|Noted Mopar restoration expert Frank Badalson restored this 1969-1/2 440-6 engine based on his 30 years of scrutinizing untouched originals. You get the benefits of all this experience by your own scrutiny of the details on these images. By the way, Frank thanks his painter, Stuart Jackson, and his engine man, Charles Morris, for their help on this project.
Some of the details on this engine may surprise you, they surprised our own tech editor, Rick Ehrenberg, who raised some questions about them. The first is the paint overspray on the sparkplugs. It is generally agreed that the plugs were installed at the time the engine was painted. Our tech editor maintains that the factory used a cardboard mask to shield the plugs from the paint. So the overspray probably is the result of factory sloppiness. When a couple of Mo’experts questioned Frank about the painted plugs, he replied with this answer:
“Starting about 20 years ago or so, when I began coming across cars that had never been tuned up, is when I started noticing engine color on plugs. And yes, I verified they were original and not someone’s ‘touch-up.’ I now have records/photos on several Super Birds, 440-4 and 440-6 cars that were never tuned, or the owner saved all the original parts. Without fail, everyone had engine orange overspray to some degree. Also several ‘67s and ‘68s….all 440-4 same thing….turquoise overspray.
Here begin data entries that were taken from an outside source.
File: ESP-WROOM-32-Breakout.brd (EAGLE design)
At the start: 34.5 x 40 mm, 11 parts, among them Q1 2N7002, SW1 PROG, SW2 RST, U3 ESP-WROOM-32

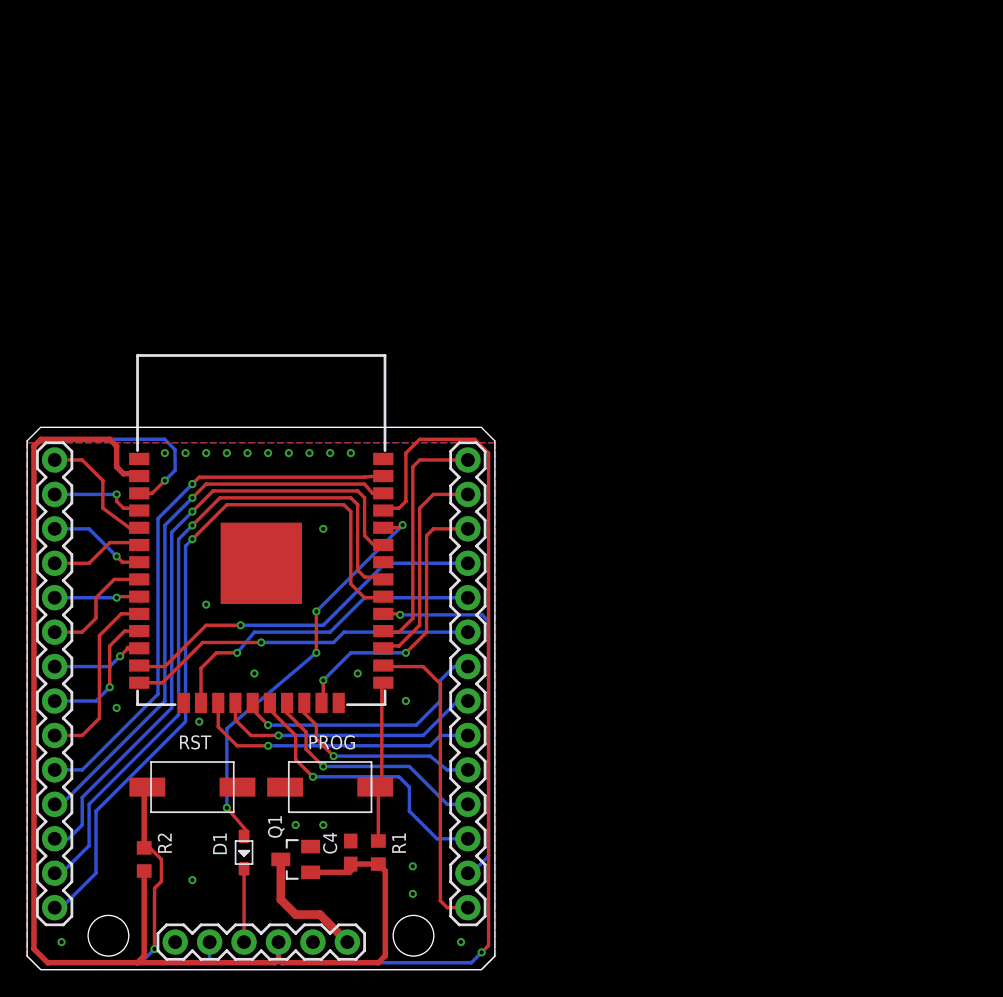
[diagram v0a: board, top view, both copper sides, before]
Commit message: Updated layout, added 3,3V regulators
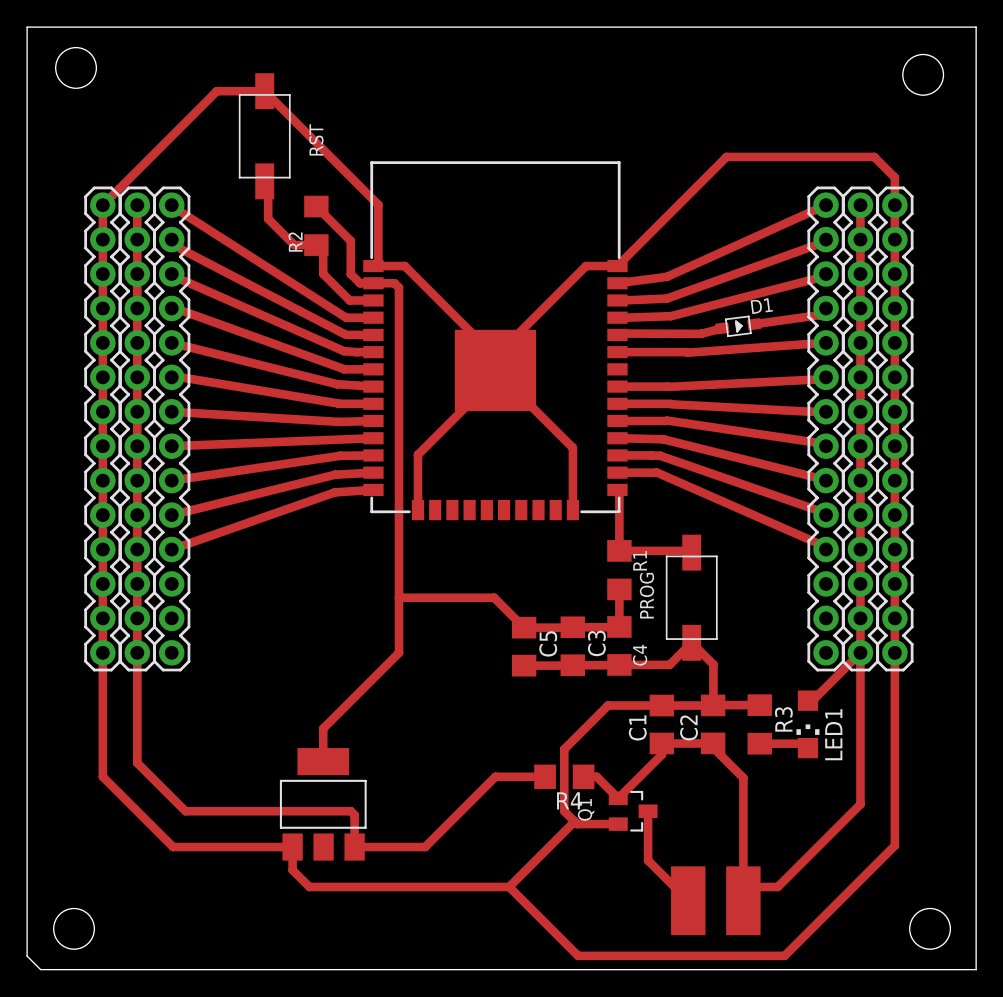
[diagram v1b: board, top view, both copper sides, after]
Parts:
- removed JP3: (no value), SparkFun-Connectors:1X06
- added C1, C3: 10uF, adafruit:C1206
- added C2, C5: 0.1uF, adafruit:C1206
- added IC1: REG1117, burr-brown:SOT223
- added JP4, JP5, JP6, JP7: (no value), SparkFun-Connectors:1X14
- added LED1: (no value), adafruit:CHIPLED_1206
- added PAD1, PAD2: (no value), wirepad:SMD2,54-5,08
- added R3: 330, adafruit:R1206
- added R4: 0, adafruit:R1206
- C4: device rcl:C0603 -> adafruit:C1206
- R1, R2: device rcl:R0603 -> adafruit:R1206
- moved D1 53.3 mm to (52.5, 47.5), turned to 7.3 degrees
- moved R2 48.4 mm to (21.3, 54.9), turned to 90 degrees
- moved SW2 48.3 mm to (17.5, 61.5), turned to 270 degrees
- moved JP2 32.4 mm to (58.9, 23.4)
- moved SW1 30.1 mm to (49.0, 27.4), turned to 90 degrees
- moved R1 27.4 mm to (43.7, 29.5)
- moved Q1 25.1 mm to (44.7, 11.7), turned to 270 degrees
- moved C4 25.0 mm to (43.7, 23.9), turned to 270 degrees
- moved U3 22.4 mm to (34.5, 44.2)
- moved JP1 20.7 mm to (10.7, 23.4)
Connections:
- new net 5V: C1.1, C2.1, IC1.3, JP4.1, JP4.10, JP4.11, JP4.12, JP4.13, JP4.14, JP4.2, JP4.3, JP4.4, JP4.5, JP4.6, JP4.7, JP4.8, JP4.9, JP5.1, JP5.10, JP5.11, JP5.12, JP5.13, JP5.14, JP5.2, JP5.3, JP5.4, JP5.5, JP5.6, JP5.7, JP5.8, JP5.9, LED1.A, PAD2.1, Q1.1, R4.1, R4.2
- new net N$1: LED1.C, R3.2
- net GND: now also C1.2, C2.2, C3.2, C5.2, IC1.1, JP6.1, JP6.10, JP6.11, JP6.12, JP6.13, JP6.14, JP6.2, JP6.3, JP6.4, JP6.5, JP6.6, JP6.7, JP6.8, JP6.9, JP7.1, JP7.10, JP7.11, JP7.12, JP7.13, JP7.14, JP7.2, JP7.3, JP7.4, JP7.5, JP7.6, JP7.7, JP7.8, JP7.9, R3.1
- net GND_IN: now also PAD1.1; no longer JP3.6
- net IO10: no longer JP2.7
- net IO11: no longer JP2.8
- net IO12: now also JP1.4; no longer JP2.9
- net IO13: no longer JP2.10
- net IO14: now also JP1.5; no longer JP2.11
- net IO15: no longer JP2.12
- net IO16: now also JP2.5; no longer JP2.13
- net IO17: now also JP2.6; no longer JP2.14
- net IO18: now also JP2.8; no longer JP1.1
- net IO19: now also JP2.9; no longer JP1.2
- net IO21: now also JP2.10; no longer JP1.3
- net IO22: now also JP2.13; no longer JP1.4
- net IO23: now also JP2.14; no longer JP1.5
- net IO25: now also JP1.8; no longer JP1.6
- net IO27: now also JP1.6; no longer JP1.8
- net IO32: now also JP1.10; no longer JP1.9
- net IO33: now also JP1.9; no longer JP1.10
- net IO34: now also JP1.12; no longer JP1.11
- net IO35: now also JP1.11; no longer JP1.12
- net IO36: now also JP1.14; no longer JP1.13
- net IO39: now also JP1.13; no longer JP1.14
- net IO4: now also JP2.4; no longer JP2.1
- net IO5: now also JP2.7; no longer JP2.2
- net IO6: no longer JP2.3
- net IO7: no longer JP2.4
- net IO8: no longer JP2.5
- net IO9: no longer JP2.6
- net RX: now also JP2.11; no longer JP3.3
- net TXD0: now also JP2.12; no longer JP3.2
- net VCC: now also C3.1, C5.1, IC1.2; no longer JP3.4, Q1.1
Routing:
- net GND: track 0.00 -> 318.4 mm, vias 24 -> 0
- net 5V: track 0.00 -> 163.0 mm
- net EN: track 76.4 -> 14.1 mm, vias 2 -> 0
- net TXD0: track 71.2 -> 15.8 mm, vias 1 -> 0
- net IO18: track 52.8 -> 15.4 mm, vias 1 -> 0
- net IO19: track 50.4 -> 15.5 mm, vias 1 -> 0
- net IO21: track 47.2 -> 15.5 mm, vias 1 -> 0
- net VCC: track 94.8 -> 66.7 mm
- net IO22: track 41.9 -> 16.2 mm, vias 1 -> 0
- net IO13: track 24.5 -> 0.00 mm, vias 1 -> 0
- net IO23: track 40.8 -> 16.6 mm, vias 1 -> 0
- net RXD0: track 30.8 -> 7.82 mm, vias 4 -> 0
- net IO15: track 21.2 -> 0.00 mm, vias 2 -> 0
- net IO6: track 21.1 -> 0.00 mm, vias 1 -> 0
- net IO9: track 21.1 -> 0.00 mm, vias 1 -> 0
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- removed copper zone on layer 1, net GND
- removed copper zone on layer 16, net GND
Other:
- board size 34.5 x 40 mm -> 70 x 69.5 mm
- board text added: "5V-in"
- board text removed: "12"
- board text removed: "14"
- board text removed: "15"
- board text removed: "17"
- board text removed: "By Studio Sophisti"
- board text removed: "ESP-WROOM-32 Breakout"
- board text removed: "V+"

The thing is there are so few examples left of cars with their original plugs. As you know, it’s very, very, very rare to find a car that has not had the plugs changed. I haven’t seen one in the last 5-7 years.”
As far as the sleeve nuts on the right side exhaust manifold, Frank took a couple of photos of a 30,000-mile survivor. The motor had never been touched. He says it is one of the most untouched cars he has ever seen.